Les coccinelles sont de jolis insectes, adorés de tous, en particulier par les enfants par leurs couleurs vives et leur comportement amical de ramper sur la main. Les jardiniers les adorent parce qu'elles mangent tous ces vilains pucerons.

C’est vrai jusqu’à un certain point. Les coccinelles sont plus que cela. La plupart des espèces vivent dans la promiscuité. Les maladies sexuellement transmissibles sont courantes. De nombreuses espèces présentent des tendances cannibales au stade larvaire.

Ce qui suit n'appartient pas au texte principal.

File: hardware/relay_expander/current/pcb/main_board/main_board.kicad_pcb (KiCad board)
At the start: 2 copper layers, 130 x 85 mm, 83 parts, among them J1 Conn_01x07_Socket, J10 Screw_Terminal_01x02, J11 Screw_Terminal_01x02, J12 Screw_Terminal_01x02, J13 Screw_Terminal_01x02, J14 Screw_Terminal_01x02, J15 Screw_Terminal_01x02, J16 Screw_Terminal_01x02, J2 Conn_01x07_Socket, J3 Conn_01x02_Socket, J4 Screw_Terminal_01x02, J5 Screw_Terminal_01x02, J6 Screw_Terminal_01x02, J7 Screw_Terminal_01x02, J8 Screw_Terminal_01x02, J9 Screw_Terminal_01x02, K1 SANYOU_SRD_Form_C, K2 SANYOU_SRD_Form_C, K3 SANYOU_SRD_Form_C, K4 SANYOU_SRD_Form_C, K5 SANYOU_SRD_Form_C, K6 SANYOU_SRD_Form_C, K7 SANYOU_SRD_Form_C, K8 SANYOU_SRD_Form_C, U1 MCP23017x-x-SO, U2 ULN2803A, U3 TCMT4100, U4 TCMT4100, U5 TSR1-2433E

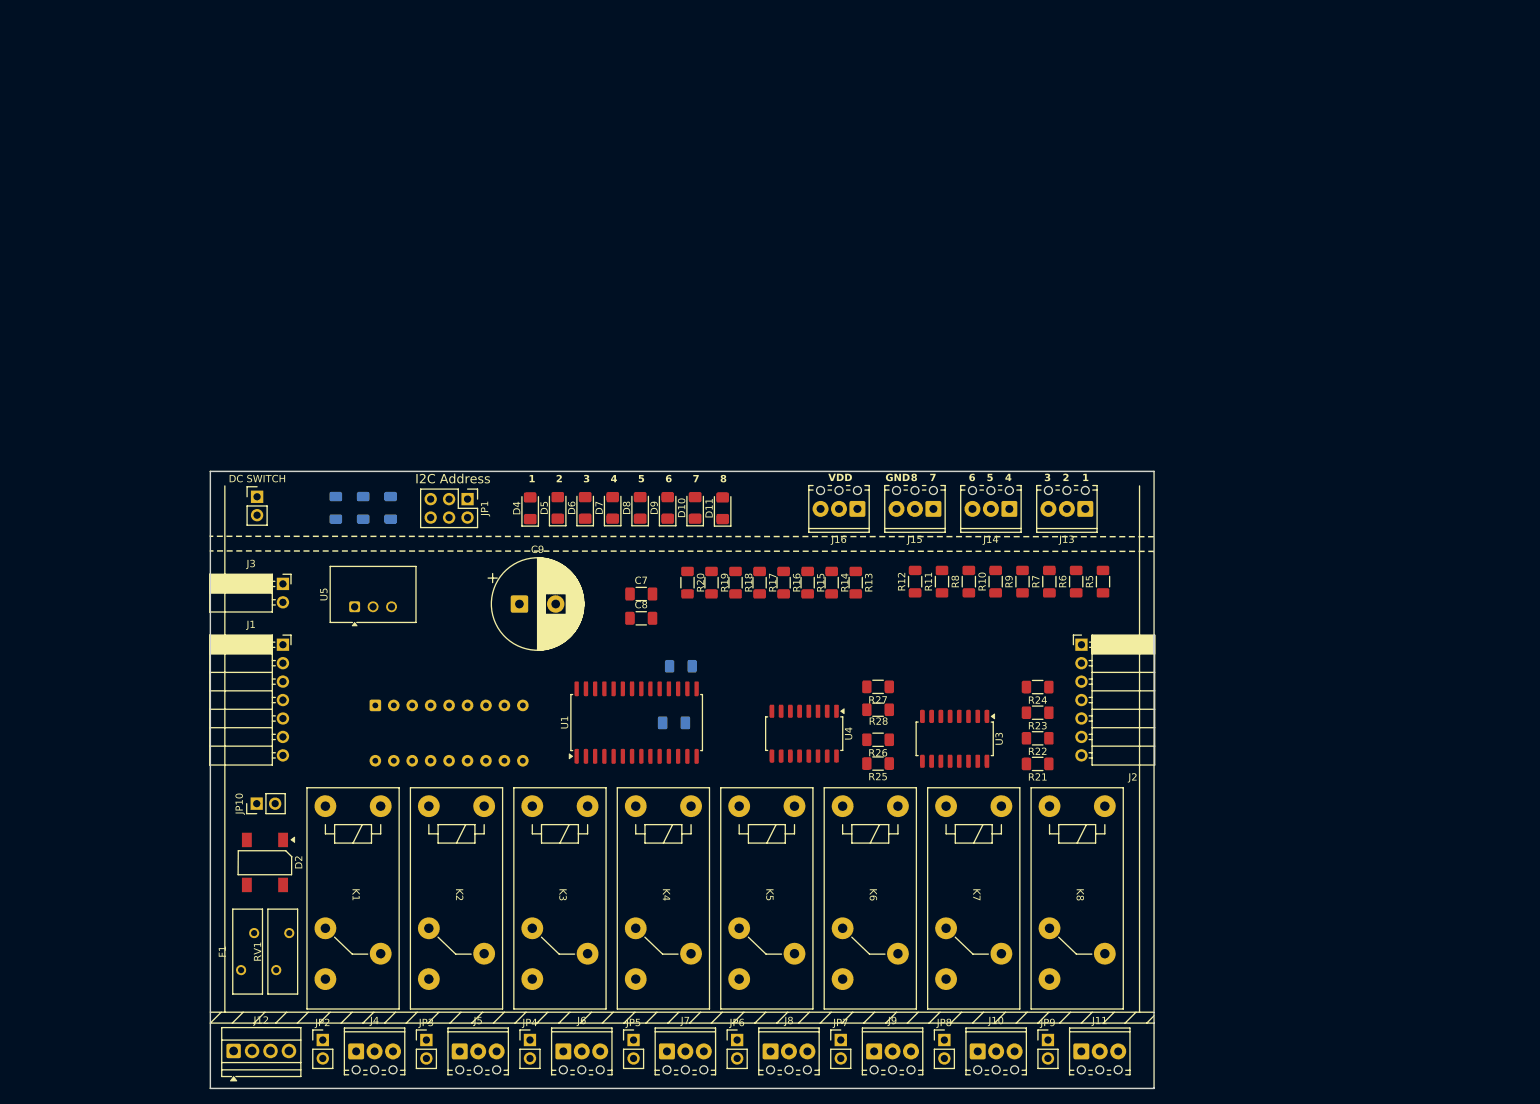
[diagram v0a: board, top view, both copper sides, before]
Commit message: [ADD] lauout for relay expander pcb
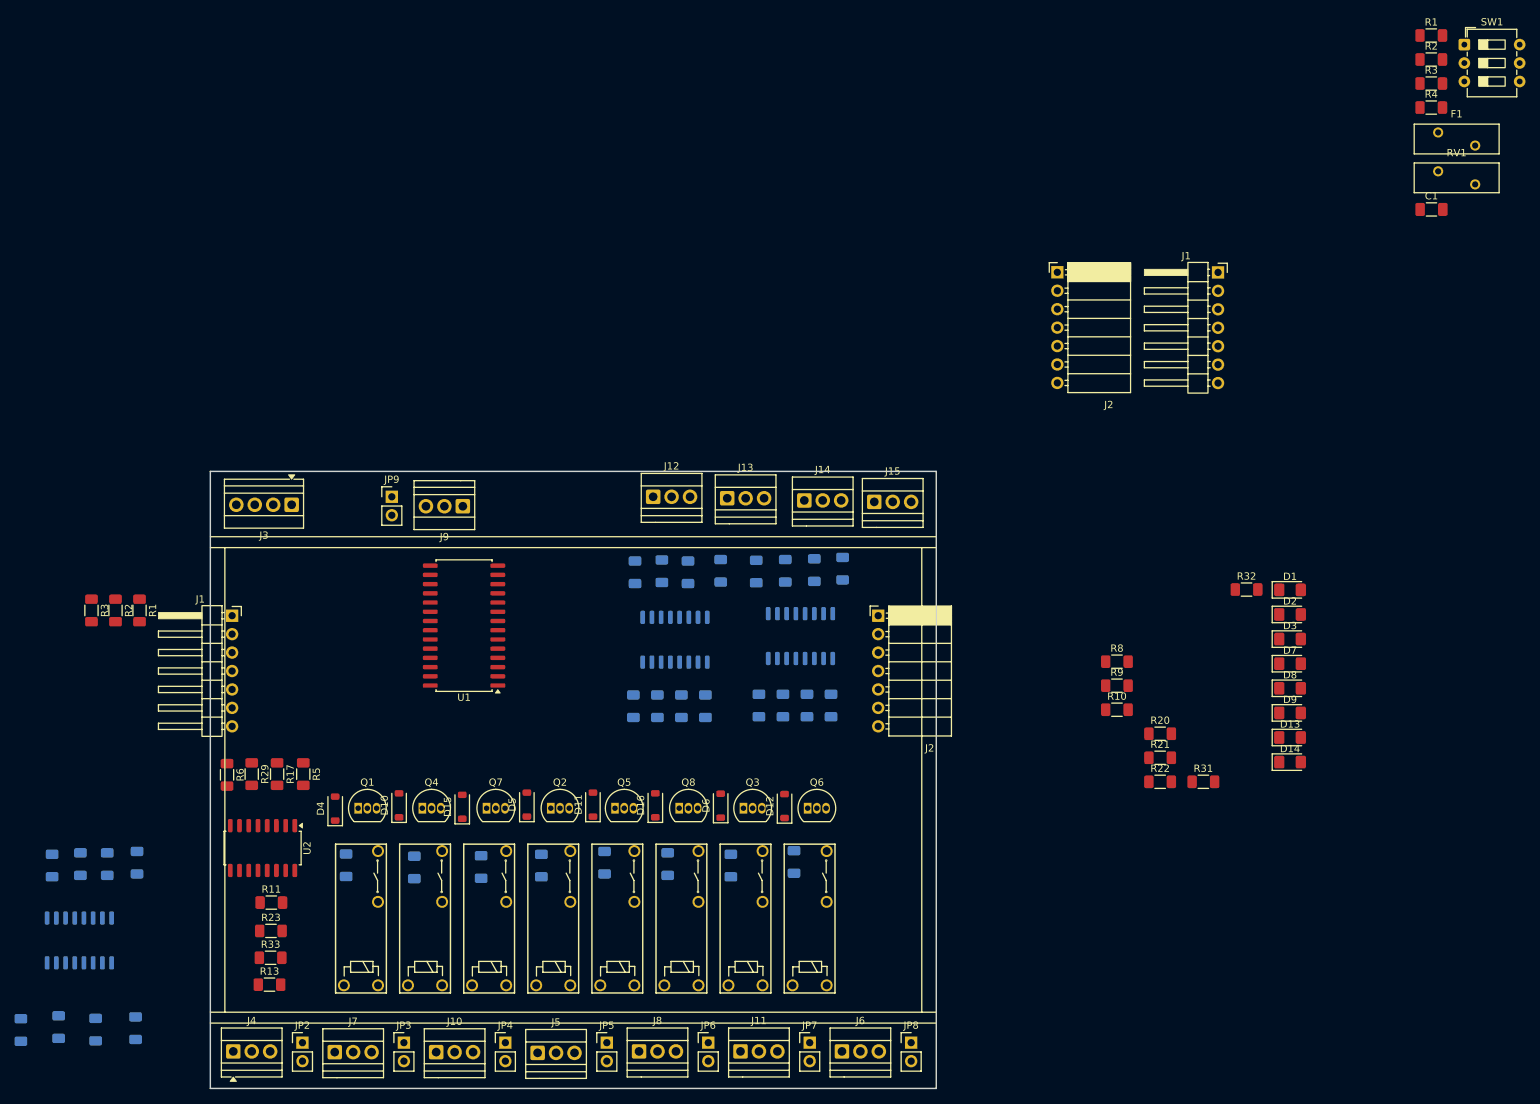
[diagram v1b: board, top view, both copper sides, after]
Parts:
- removed C7, C8: 22uF, Capacitor_SMD:C_1206_3216Metric_Pad1.33x1.80mm_HandSolder
- removed C9: 1000uF, Capacitor_THT:CP_Radial_D12.5mm_P5.00mm
- removed J16: Screw_Terminal_01x02, Project_Parts_Footprints_Lib:TerminalBlock_Phoenix_MPT-0,5-3-2.54_1x03_P2.54mm_Horizontal
- removed JP1: ~, Connector_PinHeader_2.54mm:PinHeader_2x03_P2.54mm_Vertical
- removed JP10: DC IN 6 - 36V, Connector_PinHeader_2.54mm:PinHeader_1x02_P2.54mm_Vertical
- removed JP13: DC SWITCH, Connector_PinHeader_2.54mm:PinHeader_1x02_P2.54mm_Vertical
- removed the R1 at (109.8, 57.5)
- removed the R2 at (106.1, 57.5)
- removed the R3 at (102.3, 57.5)
- added D1: LED, LED_SMD:LED_1206_3216Metric_Pad1.42x1.75mm_HandSolder, F.Cu at (233.7, 68.8)
- added D12: 1N4148, Diode_SMD:D_SOD-123, F.Cu at (164.1, 98.6)
- added D13: LED, LED_SMD:LED_1206_3216Metric_Pad1.42x1.75mm_HandSolder, F.Cu at (233.7, 89.2)
- added D14: LED, LED_SMD:LED_1206_3216Metric_Pad1.42x1.75mm_HandSolder, F.Cu at (233.7, 92.5)
- added D15: 1N4148, Diode_SMD:D_SOD-123, F.Cu at (119.7, 98.7)
- added D16: 1N4148, Diode_SMD:D_SOD-123, F.Cu at (146.3, 98.5)
- added D3: LED, LED_SMD:LED_1206_3216Metric_Pad1.42x1.75mm_HandSolder, F.Cu at (233.7, 75.6)
- added J1: Conn_01x07_Socket, homeautomation_core:PinHeader_1x07_P2.54mm_Horizontal_left, F.Cu at (223.8, 32.7)
- added J2: Conn_01x07_Socket, homeautomation_core:PinSocket_1x07_P2.54mm_Horizontal_Right, F.Cu at (201.7, 32.7)
- added Q1: BC548, Package_TO_SOT_THT:TO-92_Inline, F.Cu at (105.4, 98.9)
- added Q2: BC548, Package_TO_SOT_THT:TO-92_Inline, F.Cu at (131.9, 98.9)
- added Q3: BC548, Package_TO_SOT_THT:TO-92_Inline, F.Cu at (158.4, 98.9)
- added Q4: BC548, Package_TO_SOT_THT:TO-92_Inline, F.Cu at (114.2, 98.9)
- added Q5: BC548, Package_TO_SOT_THT:TO-92_Inline, F.Cu at (140.7, 98.9)
- added Q6: BC548, Package_TO_SOT_THT:TO-92_Inline, F.Cu at (167.3, 98.9)
- added Q7: BC548, Package_TO_SOT_THT:TO-92_Inline, F.Cu at (123.1, 98.9)
- added Q8: BC548, Package_TO_SOT_THT:TO-92_Inline, F.Cu at (149.6, 98.9)
- added R1: 10k, Resistor_SMD:R_1206_3216Metric_Pad1.30x1.75mm_HandSolder, F.Cu at (75.2, 71.7)
- added R1: 10k, Resistor_SMD:R_1206_3216Metric_Pad1.30x1.75mm_HandSolder, F.Cu at (253.2, -7.54)
- added R2: 10k, Resistor_SMD:R_1206_3216Metric_Pad1.30x1.75mm_HandSolder, F.Cu at (253.2, -4.24)
- added R2: 10k, Resistor_SMD:R_1206_3216Metric_Pad1.30x1.75mm_HandSolder, F.Cu at (71.9, 71.7)
- added R29: R470, Resistor_SMD:R_1206_3216Metric_Pad1.30x1.75mm_HandSolder, F.Cu at (90.7, 94.2)
- added R3: 10k, Resistor_SMD:R_1206_3216Metric_Pad1.30x1.75mm_HandSolder, F.Cu at (68.6, 71.7)
- added R3: 10k, Resistor_SMD:R_1206_3216Metric_Pad1.30x1.75mm_HandSolder, F.Cu at (253.2, -0.93)
- added R30: R470, Resistor_SMD:R_1206_3216Metric_Pad1.30x1.75mm_HandSolder, B.Cu at (67.1, 106.6)
- added R31: 1k, Resistor_SMD:R_1206_3216Metric_Pad1.30x1.75mm_HandSolder, F.Cu at (221.8, 95.3)
- added R32: 1k, Resistor_SMD:R_1206_3216Metric_Pad1.30x1.75mm_HandSolder, F.Cu at (227.7, 68.8)
- added R33: R4,7k, Resistor_SMD:R_1206_3216Metric_Pad1.30x1.75mm_HandSolder, F.Cu at (93.3, 119.5)
- added R34: R10k, Resistor_SMD:R_1206_3216Metric_Pad1.30x1.75mm_HandSolder, B.Cu at (122.3, 107.0)
- added R35: R4,7k, Resistor_SMD:R_1206_3216Metric_Pad1.30x1.75mm_HandSolder, B.Cu at (64.1, 129.1)
- added R36: R10k, Resistor_SMD:R_1206_3216Metric_Pad1.30x1.75mm_HandSolder, B.Cu at (139.3, 106.4)
- added R37: 1k, Resistor_SMD:R_1206_3216Metric_Pad1.30x1.75mm_HandSolder, B.Cu at (143.5, 66.4)
- added R38: 1k, Resistor_SMD:R_1206_3216Metric_Pad1.30x1.75mm_HandSolder, B.Cu at (147.2, 66.2)
- added R39: 1k, Resistor_SMD:R_1206_3216Metric_Pad1.30x1.75mm_HandSolder, B.Cu at (150.8, 66.4)
- added R40: 1k, Resistor_SMD:R_1206_3216Metric_Pad1.30x1.75mm_HandSolder, B.Cu at (155.3, 66.2)
- added R41: 1k, Resistor_SMD:R_1206_3216Metric_Pad1.30x1.75mm_HandSolder, B.Cu at (160.2, 66.3)
- added R42: 1k, Resistor_SMD:R_1206_3216Metric_Pad1.30x1.75mm_HandSolder, B.Cu at (164.2, 66.2)
- added R43: 1k, Resistor_SMD:R_1206_3216Metric_Pad1.30x1.75mm_HandSolder, B.Cu at (168.2, 66.1)
- added R44: 1k, Resistor_SMD:R_1206_3216Metric_Pad1.30x1.75mm_HandSolder, B.Cu at (172.1, 65.9)
- added R45: 10k, Resistor_SMD:R_1206_3216Metric_Pad1.30x1.75mm_HandSolder, B.Cu at (143.3, 84.8)
- added R46: 10k, Resistor_SMD:R_1206_3216Metric_Pad1.30x1.75mm_HandSolder, B.Cu at (146.6, 84.8)
- added R47: 10k, Resistor_SMD:R_1206_3216Metric_Pad1.30x1.75mm_HandSolder, B.Cu at (149.9, 84.8)
- added R48: 10k, Resistor_SMD:R_1206_3216Metric_Pad1.30x1.75mm_HandSolder, B.Cu at (153.2, 84.8)
- added R49: 10k, Resistor_SMD:R_1206_3216Metric_Pad1.30x1.75mm_HandSolder, B.Cu at (160.6, 84.8)
- added R50: 10k, Resistor_SMD:R_1206_3216Metric_Pad1.30x1.75mm_HandSolder, B.Cu at (163.9, 84.8)
- added R51: 10k, Resistor_SMD:R_1206_3216Metric_Pad1.30x1.75mm_HandSolder, B.Cu at (167.2, 84.8)
- added R52: 10k, Resistor_SMD:R_1206_3216Metric_Pad1.30x1.75mm_HandSolder, B.Cu at (170.5, 84.8)
- added SW1: SW_DIP_x03, Button_Switch_THT:SW_DIP_SPSTx03_Slide_6.7x9.18mm_W7.62mm_P2.54mm_LowProfile, F.Cu at (257.7, -6.29)
- C1, R4: moved to F.Cu
- D10, D11, D4, D5, D6: value LED -> 1N4148; footprint LED_SMD:LED_1206_3216Metric_Pad1.42x1.75mm_HandSolder -> Diode_SMD:D_SOD-123
- D2: value DB157S -> LED; footprint Wojtek_lib_footprints:DB157S -> LED_SMD:LED_1206_3216Metric_Pad1.42x1.75mm_HandSolder
- J1: footprint templates_lib_footprints:PinSocket_1x07_P2.54mm_Horizontal -> homeautomation_core:PinHeader_1x07_P2.54mm_Horizontal_left
- J10, J11, J13, J14, J15, J5, J6, J7, J9: footprint Project_Parts_Footprints_Lib:TerminalBlock_Phoenix_MPT-0,5-3-2.54_1x03_P2.54mm_Horizontal -> footprints:Terminal_block_1x3_2,54
- J12: footprint TerminalBlock:TerminalBlock_Xinya_XY308-2.54-4P_1x04_P2.54mm_Horizontal -> footprints:Terminal_block_1x3_2,54
- J2: footprint templates_lib_footprints:PinSocket_1x07_P2.54mm_Horizontal_Right -> homeautomation_core:PinSocket_1x07_P2.54mm_Horizontal_Right
- J3: value Conn_01x02_Socket -> Screw_Terminal_01x02; footprint Connector_PinSocket_2.54mm:PinSocket_1x02_P2.54mm_Horizontal -> TerminalBlock:TerminalBlock_Xinya_XY308-2.54-4P_1x04_P2.54mm_Horizontal
- J4: footprint Project_Parts_Footprints_Lib:TerminalBlock_Phoenix_MPT-0,5-3-2.54_1x03_P2.54mm_Horizontal -> TerminalBlock:TerminalBlock_Xinya_XY308-2.54-3P_1x03_P2.54mm_Horizontal
- J8: value Screw_Terminal_01x02 -> Screw_Terminal_01x03; footprint Project_Parts_Footprints_Lib:TerminalBlock_Phoenix_MPT-0,5-3-2.54_1x03_P2.54mm_Horizontal -> footprints:Terminal_block_1x3_2,54
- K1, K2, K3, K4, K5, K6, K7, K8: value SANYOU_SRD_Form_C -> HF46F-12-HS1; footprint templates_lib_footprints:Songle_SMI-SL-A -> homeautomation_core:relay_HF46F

Pour être sûre que ses larves bénéficieront d'une alimentation abondante en pucerons, une femelle doit pondre ses œufs lorsque la colonie de pucerons en est à ses débuts. Elle y parvient en évaluant plusieurs indices, notamment la densité des pucerons, le miellat produit par les pucerons et les produits chimiques volatils libérés par une plante infestée de pucerons.

Il a été démontré que les larves de coccinelles à 2 points (Adalia bipunctata pour les sérieux) qui parviennent à manger l'un de leurs frères et sœurs au stade oeufs se développeront beaucoup plus rapidement et sont beaucoup plus susceptibles de survivre jusqu'à l'âge adulte que les larves privées de la possibilité d'être des cannibales. Au stade larvaire c’est la même chose, les plus gros mangent les plus petits.

Et donc, si une colonie de pucerons a déjà des larves de coccinelles, une femelle fera bien de l'éviter. Contrôler les pucerons n’est pas leur première objectif, c’est un avantage involontaire pour nous.

Au cas où vous seriez toujours aveuglé par un amour inconditionnel des coccinelles, il y a quelques autres vérités dont vous devriez être conscient.

Premièrement, ils vivent dans la promiscuité. Par exemple, une étude génétique des coccinelles à 2 points a révélé que les couvées contiennent souvent des œufs fécondés par trois mâles différents, parfois plus.

Deuxièmement, les maladies sexuellement transmissibles sont courantes. Plusieurs espèces, y compris Adalia, sont affectées par des acariens appelés Coccipolipus hippodamiae. Ces parasites vivent sous les élytres, où ils se nourrissent de l'hémolymphe de la coccinelle - son « sang » - et ont des bébés. Lorsque les coccinelles font l'amour, c'est la chance pour les acariens de déménager. Dans un accouplement expérimental particulièrement infectieux, une coccinelle mâle sans méfiance a passée avec bonheur sur son sperme plus de 81 larves d'acariens.

Ces acariens sexuellement transmissibles peuvent être coûteux, en particulier pour les femelles. Comparée aux témoins non infectés, une coccinelle infestée d'acariens pondra généralement des couvées plus petites et ses œufs seront moins viables. Alors maintenant vous savez. La prochaine fois que votre enfant se penchera pour prendre une coccinelle, vous pourrez lui dire tout sur les tendances cannibales et le comportement sexuel inconvenant.